**What is expected:**
The expected answer comprises all lines from the entries that contain the string "nodes".

<<<<

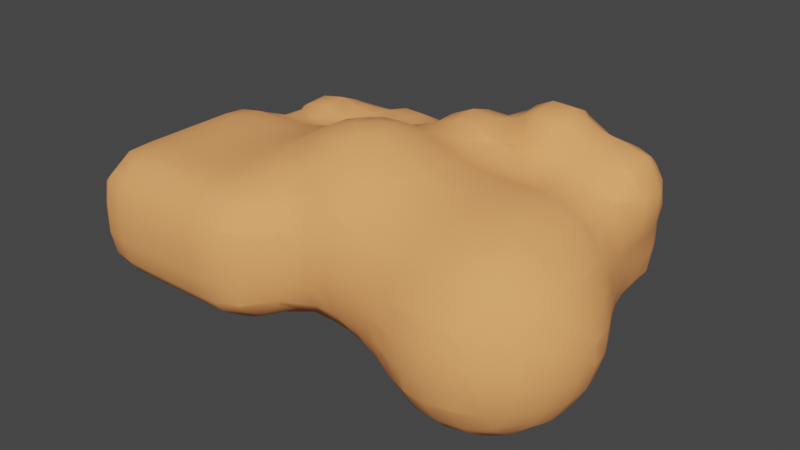 # Source: mediumRock2.blend  (saved by Blender 2.90.8; exported with 4.5.12 LTS)
import bpy
from mathutils import Matrix  # noqa: F401  (used for matrix-valued properties, if any)

bpy.ops.wm.read_factory_settings(use_empty=True)
scene = bpy.context.scene
scene.name = 'Scene'

# ---- collections
col_collection = bpy.data.collections.new('Collection'); scene.collection.children.link(col_collection)
col_face = bpy.data.collections.new('Face')  # instanced only; not linked into the scene
col_collection_1 = bpy.data.collections.new('Collection')  # instanced only; not linked into the scene

# ---- materials (node trees are filled in below, after node groups)
mat_rock = bpy.data.materials.new('Rock')
mat_rock.use_transparent_shadow = False

# ---- material node trees
mat_rock.use_nodes = True; mat_rock.node_tree.nodes.clear()
_N = mat_rock.node_tree.nodes; _L = mat_rock.node_tree.links
n0 = _N.new('ShaderNodeOutputMaterial'); n0.name = 'Material Output'; n0.location = (300, 300)
n1 = _N.new('ShaderNodeBsdfPrincipled'); n1.name = 'Principled BSDF'; n1.location = (10, 300)
n1.distribution = 'GGX'
n1.subsurface_method = 'BURLEY'
n1.inputs[0].default_value = (1.0, 0.3864, 0.1248, 1.0)
n1.inputs[2].default_value = 1.0
n1.inputs[3].default_value = 1.45
n1.inputs[27].default_value = (0.0, 0.0, 0.0, 1.0)
n1.inputs[28].default_value = 1.0
_L.new(n1.outputs[0], n0.inputs[0])
n0.is_active_output = True

# ---- world
world_world = bpy.data.worlds.new('World'); scene.world = world_world
world_world.use_nodes = True; world_world.node_tree.nodes.clear()
_N = world_world.node_tree.nodes; _L = world_world.node_tree.links
n0 = _N.new('ShaderNodeOutputWorld'); n0.name = 'World Output'; n0.location = (300, 300)
n1 = _N.new('ShaderNodeBackground'); n1.name = 'Background'; n1.location = (10, 300)
n1.inputs[0].default_value = (0.05088, 0.05088, 0.05088, 1.0)
_L.new(n1.outputs[0], n0.inputs[0])
n0.is_active_output = True
world_world.color = (0.05088, 0.05088, 0.05088)
world_world.use_sun_shadow = False
world_world.sun_shadow_jitter_overblur = 0.0

# ---- meshes
me_mesh = bpy.data.meshes.new('Mesh')
me_mesh.from_pydata([(3.4, 3.0, 2.026), (3.4, 2.809, 2.2), (3.092, 3.0, 2.2), (3.4, 3.139, 1.8), (3.532, 3.0, 1.8), (3.4, 3.256, 1.4), (3.575, 3.0, 1.4), (3.693, 2.6, 1.4), (3.705, 2.6, 1.8), (3.662, 2.2, 1.4), (3.658, 2.2, 1.8), (3.421, 2.2, 2.2), (3.503, 2.6, 2.2), (3.4, 2.2, 2.218), (3.4, 2.6, 2.285), (3.0, 2.2, 2.357), (3.0, 2.6, 2.41), (2.6, 2.2, 2.449), (2.6, 2.6, 2.505), (2.6, 3.0, 2.27), (3.0, 3.0, 2.215), (2.6, 3.064, 2.2), (3.0, 3.017, 2.2), (2.6, 3.36, 1.8), (3.0, 3.348, 1.8), (2.6, 3.4, 1.741), (3.0, 3.4, 1.706), (2.6, 3.649, 1.4), (3.0, 3.567, 1.4), (3.249, 3.4, 1.4), (3.0, 3.652, 1.0), (3.315, 3.4, 1.0), (3.4, 3.265, 1.0), (2.2, 3.4, 1.798), (2.2, 3.649, 1.4), (2.2, 3.727, 1.0), (2.6, 3.727, 1.0), (2.2, 3.727, 0.6), (2.6, 3.727, 0.6), (2.2, 3.676, 0.2), (2.6, 3.676, 0.2), (2.2, 3.4, -0.176), (2.6, 3.4, -0.176), (2.2, 3.366, -0.2), (2.6, 3.366, -0.2), (2.2, 3.0, -0.3422), (2.6, 3.0, -0.3422), (2.2, 2.6, -0.3509), (2.6, 2.6, -0.3517), (2.2, 2.2, -0.391), (2.6, 2.2, -0.3963), (2.2, 1.8, -0.5016), (2.6, 1.8, -0.5158), (2.2, 1.562, -0.6), (2.6, 1.601, -0.6), (2.2, 1.4, -0.6831), (2.6, 1.4, -0.7075), (2.2, 1.0, -0.937), (2.6, 1.0, -0.9795), (2.2, 0.8966, -1.0), (2.6, 0.9664, -1.0), (2.2, 0.6, -1.133), (2.6, 0.6, -1.17), (3.0, 0.6, -1.105), (3.0, 0.8426, -1.0), (3.263, 0.6, -1.0), (3.0, 1.0, -0.9049), (3.4, 0.6, -0.9228), (3.4, 1.0, -0.6916), (3.4, 1.114, -0.6), (3.085, 1.4, -0.6), (3.0, 1.4, -0.6383), (3.4, 1.4, -0.3894), (3.0, 1.8, -0.4442), (3.0, 1.463, -0.6), (3.4, 1.702, -0.2), (3.353, 1.8, -0.2), (3.4, 1.8, -0.1457), (3.4, 2.2, 0.03626), (3.197, 2.2, -0.2), (3.4, 2.6, 0.1129), (3.13, 2.6, -0.2), (3.0, 2.2, -0.3217), (3.0, 2.6, -0.2753), (3.115, 3.0, -0.2), (3.0, 3.0, -0.2657), (3.0, 3.215, -0.2), (3.0, 3.4, -0.07781), (3.4, 3.0, 0.1325), (3.4, 3.126, 0.2), (3.25, 3.4, 0.2), (3.4, 3.262, 0.6), (3.315, 3.4, 0.6), (3.0, 3.595, 0.2), (3.0, 3.652, 0.6), (3.43, 3.0, 0.2), (3.481, 3.0, 0.6), (3.5, 3.0, 1.0), (3.488, 2.6, 0.6), (3.561, 2.6, 1.0), (3.522, 2.2, 0.6), (3.559, 2.2, 1.0), (3.477, 2.2, 0.2), (3.439, 2.6, 0.2), (3.581, 1.8, 0.2), (3.616, 1.8, 0.6), (3.741, 1.4, 0.2), (3.765, 1.4, 0.6), (3.718, 1.4, 1.0), (3.59, 1.8, 1.0), (3.593, 1.4, 1.4), (3.548, 1.8, 1.4), (3.4, 1.4, 1.67), (3.4, 1.794, 1.8), (3.404, 1.8, 1.8), (3.4, 1.8, 1.806), (3.0, 1.4, 1.934), (3.0, 1.8, 2.072), (3.249, 1.4, 1.8), (3.0, 1.0, 2.019), (3.394, 1.0, 1.8), (3.4, 1.0, 1.795), (3.4, 0.9826, 1.8), (3.723, 1.0, 1.4), (3.8, 0.7235, 1.4), (3.8, 0.6, 1.441), (3.488, 0.6, 1.8), (3.4, 0.6, 1.87), (3.4, 0.2, 1.86), (3.486, 0.2, 1.8), (3.4, -0.2, 1.819), (3.43, -0.2, 1.8), (3.8, -0.2, 1.477), (3.8, 0.2, 1.511), (3.4, -0.6, 1.672), (3.4, -0.2783, 1.8), (3.8, -0.403, 1.4), (3.703, -0.6, 1.4), (3.8, -0.6, 1.273), (3.4, -1.0, 1.346), (3.4, -0.9519, 1.4), (3.8, -0.8432, 1.0), (3.667, -1.0, 1.0), (3.4, -1.219, 1.0), (3.4, -1.332, 0.6), (3.797, -1.0, 0.6), (3.4, -1.328, 0.2), (3.791, -1.0, 0.2), (3.4, -1.205, -0.2), (3.65, -1.0, -0.2), (3.4, -1.0, -0.515), (3.0, -1.153, -0.6), (3.0, -1.393, -0.2), (3.297, -1.0, -0.6), (3.0, -1.0, -0.7625), (3.4, -0.9212, -0.6), (3.4, -0.6, -0.8406), (3.095, -0.6, -1.0), (3.0, -0.6649, -1.0), (3.0, -0.6, -1.034), (3.378, -0.2, -1.0), (3.0, -0.2, -1.163), (3.4, -0.1259, -1.0), (3.4, 0.2, -1.013), (3.0, 0.2, -1.185), (3.4, -0.2, -0.9876), (3.8, -0.2, -0.6459), (3.8, 0.2, -0.6789), (3.42, 0.2, -1.0), (3.4, 0.3066, -1.0), (3.8, 0.5111, -0.6), (3.767, 0.6, -0.6), (3.8, 0.6, -0.5584), (3.8, 1.0, -0.2144), (3.508, 1.0, -0.6), (4.01, 0.6, -0.2), (3.808, 1.0, -0.2), (4.12, 0.6, 0.2), (3.942, 1.0, 0.2), (4.124, 0.6, 0.6), (3.952, 1.0, 0.6), (4.025, 0.6, 1.0), (3.876, 1.0, 1.0), (3.8, 1.0, 1.228), (3.829, 0.6, 1.4), (3.8, 1.181, 1.0), (4.105, 0.2, 1.0), (3.889, 0.2, 1.4), (4.083, -0.2, 1.0), (3.862, -0.2, 1.4), (4.2, 0.2, 0.6066), (4.2, -0.02712, 0.6), (4.18, -0.2, 0.6), (4.2, 0.2, 0.2287), (4.197, 0.2, 0.2), (4.176, -0.2, 0.2), (4.07, -0.2, -0.2), (4.093, 0.2, -0.2), (3.838, -0.2, -0.6), (3.865, 0.2, -0.6), (3.8, -0.6, -0.4417), (3.936, -0.6, -0.2), (3.8, -0.3321, -0.6), (3.8, -0.8228, -0.2), (3.8, -0.9901, 0.2), (4.051, -0.6, 0.2), (3.8, -0.996, 0.6), (4.055, -0.6, 0.6), (3.949, -0.6, 1.0), (3.676, -0.6, -0.6), (4.201, 0.2, 0.6), (4.2, 0.2095, 0.6), (3.8, 1.313, 0.6), (3.8, 1.269, 0.2), (3.8, 1.011, -0.2), (3.564, 1.4, -0.2), (2.6, -0.2, -1.226), (2.6, 0.2, -1.247), (2.2, -0.2, -1.189), (2.2, 0.2, -1.211), (2.2, -0.6, -1.062), (2.6, -0.6, -1.101), (2.2, -0.7185, -1.0), (2.6, -0.789, -1.0), (2.2, -1.0, -0.7972), (2.6, -1.0, -0.8453), (2.2, -1.186, -0.6), (2.6, -1.232, -0.6), (2.2, -1.4, -0.2465), (2.6, -1.4, -0.3309), (2.2, -1.421, -0.2), (2.6, -1.46, -0.2), (2.2, -1.527, 0.2), (2.6, -1.564, 0.2), (2.2, -1.531, 0.6), (2.6, -1.568, 0.6), (2.2, -1.434, 1.0), (2.6, -1.472, 1.0), (2.2, -1.4, 1.079), (2.6, -1.4, 1.162), (2.2, -1.213, 1.4), (2.6, -1.256, 1.4), (2.2, -1.0, 1.637), (2.6, -1.0, 1.677), (2.2, -0.7934, 1.8), (2.6, -0.8378, 1.8), (2.2, -0.6, 1.913), (2.6, -0.6, 1.933), (2.2, -0.2, 2.051), (2.6, -0.2, 2.057), (2.2, 0.2, 2.105), (2.6, 0.2, 2.103), (2.2, 0.6, 2.131), (2.6, 0.6, 2.129), (2.2, 1.0, 2.078), (2.6, 1.0, 2.08), (2.2, 1.4, 2.006), (2.6, 1.4, 1.996), (2.2, 1.729, 2.2), (2.358, 1.8, 2.2), (2.6, 1.8, 2.113), (2.2, 1.8, 2.294), (2.6, 1.892, 2.2), (3.0, 1.957, 2.2), (1.8, 1.4, 2.018), (1.8, 1.707, 2.2), (1.4, 1.4, 2.047), (1.4, 1.8, 2.181), (1.521, 1.8, 2.2), (1.8, 1.8, 2.33), (1.4, 2.2, 2.469), (1.575, 2.2, 2.6), (1.8, 2.031, 2.6), (1.4, 1.823, 2.2), (1.8, 2.2, 2.698), (1.501, 2.6, 2.6), (1.8, 2.6, 2.743), (1.8, 2.924, 2.6), (2.2, 2.6, 2.719), (2.2, 2.2, 2.674), (2.424, 2.6, 2.6), (2.343, 2.2, 2.6), (1.0, 1.8, 2.297), (1.0, 2.2, 2.396), (1.265, 1.8, 2.2), (1.4, 1.0, 2.153), (1.8, 1.0, 2.094), (1.8, 0.6, 2.154), (1.479, 0.6, 2.2), (1.4, 0.7572, 2.2), (1.4, 0.6, 2.219), (1.0, 0.6, 2.353), (1.0, 1.0, 2.26), (1.184, 1.0, 2.2), (1.0, 1.174, 2.2), (0.6, 1.0, 2.401), (0.6, 1.4, 2.267), (0.8931, 1.4, 2.2), (1.0, 1.4, 2.167), (1.0, 1.547, 2.2), (0.2, 1.0, 2.485), (0.2, 1.4, 2.257), (-0.2, 1.0, 2.461), (-0.2, 1.394, 2.2), (-0.1778, 1.4, 2.2), (-0.2, 1.4, 2.195), (-0.2, 1.8, 1.918), (0.1478, 1.8, 2.2), (-0.2, 2.2, 1.81), (0.1393, 2.2, 2.2), (-0.2, 2.231, 1.8), (-0.06379, 2.6, 1.8), (0.2, 2.6, 2.092), (0.2, 2.399, 2.2), (-0.2, 2.6, 1.666), (-0.2, 3.0, 1.566), (0.1856, 3.0, 1.8), (-0.2, 3.291, 1.4), (-0.03237, 3.4, 1.4), (0.2, 3.4, 1.562), (0.2, 3.018, 1.8), (0.2, 3.0, 1.81), (-0.2, 3.4, 1.273), (-0.2, 3.523, 1.0), (0.2, 3.647, 1.0), (0.2, 3.53, 1.4), (0.6, 3.726, 1.0), (0.6, 3.647, 1.4), (0.6, 3.4, 1.707), (1.0, 3.649, 1.4), (1.0, 3.4, 1.709), (1.0, 3.26, 1.8), (0.6, 3.265, 1.8), (1.4, 3.4, 1.724), (1.4, 3.332, 1.8), (1.0, 3.0, 1.988), (1.4, 3.004, 2.2), (1.396, 3.0, 2.2), (1.0, 2.756, 2.2), (0.6, 3.0, 2.0), (0.6, 2.76, 2.2), (0.3338, 2.6, 2.2), (0.6, 2.6, 2.31), (0.2, 2.2, 2.255), (0.6, 2.2, 2.435), (0.2, 1.8, 2.237), (0.6, 1.8, 2.374), (1.728, 3.4, 1.8), (1.8, 3.4, 1.817), (1.8, 3.216, 2.2), (1.4, 3.0, 2.205), (1.8, 3.0, 2.533), (1.8, 3.41, 1.8), (1.4, 3.649, 1.4), (1.8, 3.649, 1.4), (1.4, 3.727, 1.0), (1.8, 3.727, 1.0), (1.4, 3.727, 0.6), (1.8, 3.727, 0.6), (1.4, 3.676, 0.2), (1.8, 3.676, 0.2), (1.4, 3.4, -0.176), (1.8, 3.4, -0.176), (1.4, 3.366, -0.2), (1.8, 3.366, -0.2), (1.4, 3.0, -0.3422), (1.8, 3.0, -0.3422), (1.4, 2.6, -0.3491), (1.8, 2.6, -0.3494), (1.4, 2.2, -0.3582), (1.8, 2.2, -0.3749), (1.4, 1.8, -0.4206), (1.8, 1.8, -0.462), (1.0, 1.8, -0.4076), (1.0, 2.2, -0.3572), (1.0, 1.4, -0.5043), (1.4, 1.4, -0.539), (1.0, 1.057, -0.6), (1.4, 1.217, -0.6), (1.0, 1.0, -0.6175), (1.4, 1.0, -0.6798), (1.0, 0.6, -0.6943), (1.4, 0.6, -0.7985), (1.8, 0.6, -0.9854), (1.8, 1.0, -0.7957), (1.4, 0.2, -0.8651), (1.664, 0.2, -1.0), (1.8, 0.5538, -1.0), (1.8, 0.2, -1.071), (1.8, -0.2, -1.046), (1.714, -0.2, -1.0), (1.8, -0.3722, -1.0), (1.4, -0.6, -0.6568), (1.8, -0.6, -0.905), (1.4, -0.2, -0.8255), (1.4, -0.6833, -0.6), (1.799, -1.0, -0.6), (1.8, -1.0, -0.601), (1.8, -1.001, -0.6), (1.303, -0.6, -0.6), (1.0, -0.6, -0.4531), (1.0, -0.8744, -0.2), (1.289, -1.0, -0.2), (1.4, -1.0, -0.2824), (1.0, -1.0, -0.02349), (1.0, -1.112, 0.2), (1.4, -1.231, 0.2), (1.4, -1.056, -0.2), (1.0, -1.211, 0.6), (1.4, -1.285, 0.6), (1.779, -1.4, 0.6), (1.8, -1.4, 0.2624), (1.8, -1.392, 0.2), (1.4, -1.238, 1.0), (1.8, -1.323, 1.0), (1.8, -1.4, 0.6612), (1.8, -1.407, 0.6), (2.072, -1.4, 1.0), (1.82, -1.4, 0.2), (1.8, -1.27, -0.2), (2.123, -1.4, -0.2), (0.6, -1.05, 0.2), (0.6, -1.19, 0.6), (0.6, -1.222, 1.0), (1.0, -1.204, 1.0), (0.6, -1.156, 1.4), (1.0, -1.095, 1.4), (0.6, -1.0, 1.763), (1.0, -1.0, 1.591), (0.6, -0.9788, 1.8), (1.0, -0.8562, 1.8), (0.6, -0.6309, 2.2), (0.6577, -0.6, 2.2), (1.0, -0.6, 2.052), (0.6, -0.6, 2.225), (0.6, -0.2, 2.45), (1.0, -0.2, 2.278), (1.0, -0.37, 2.2), (0.6, 0.2, 2.543), (1.0, 0.2, 2.368), (1.4, 0.2, 2.213), (1.4, 0.08551, 2.2), (1.196, -0.2, 2.2), (1.4, -0.2, 2.138), (1.4, -0.6, 1.937), (1.8, -0.2, 2.066), (1.8, -0.6, 1.896), (1.8, -0.7433, 1.8), (1.4, -0.7679, 1.8), (1.444, 0.2, 2.2), (1.8, 0.2, 2.133), (0.2, -0.2, 2.536), (0.2, 0.04296, 2.6), (0.3732, 0.2, 2.6), (0.2, 0.2, 2.623), (-0.1983, 0.2, 2.6), (-0.09102, 0.6, 2.6), (0.2, 0.6, 2.607), (-0.2, 0.2, 2.6), (-0.2, 0.6, 2.584), (-0.6, 0.2, 2.47), (-0.6, 0.6, 2.453), (-0.6, 1.0, 2.317), (-1.0, 0.6, 2.242), (-1.0, 0.8267, 2.2), (-0.8557, 1.0, 2.2), (-1.0, 1.0, 2.154), (-0.6, 1.194, 2.2), (-1.082, 0.6, 2.2), (-0.6, -0.2, 2.373), (-0.2, -0.2, 2.511), (-0.2, -0.6, 2.297), (-0.4904, -0.6, 2.2), (-0.6, -0.5432, 2.2), (-0.6, -0.6, 2.174), (-0.6, -1.0, 1.985), (-0.2, -0.7181, 2.2), (-0.2, -1.0, 1.9), (-0.6, -1.4, 1.826), (-0.2, -1.098, 1.8), (-0.5503, -1.4, 1.8), (-0.2, -1.4, 1.488), (-0.6, -1.8, 1.443), (-0.6, -1.444, 1.8), (-0.2, -1.456, 1.4), (-0.5667, -1.8, 1.4), (-0.2, -1.539, 1.0), (-0.4732, -1.8, 1.0), (-0.2, -1.511, 0.6), (-0.4852, -1.8, 0.6), (-0.6, -1.8, 0.2403), (-0.2, -1.4, 0.2978), (-0.2537, -1.4, 0.2), (-0.6, -1.779, 0.2), (-0.6, -1.4, -0.121), (-0.2, -1.312, 0.2), (-0.2, -1.0, -0.02061), (-0.5288, -1.0, -0.2), (-0.6, -1.112, -0.2), (-0.6, -1.0, -0.2289), (-0.2, -0.7063, -0.2), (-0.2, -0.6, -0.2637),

>>>>

**The answer:**
mat_rock.use_nodes = True; mat_rock.node_tree.nodes.clear()
_N = mat_rock.node_tree.nodes; _L = mat_rock.node_tree.links
world_world.use_nodes = True; world_world.node_tree.nodes.clear()
_N = world_world.node_tree.nodes; _L = world_world.node_tree.links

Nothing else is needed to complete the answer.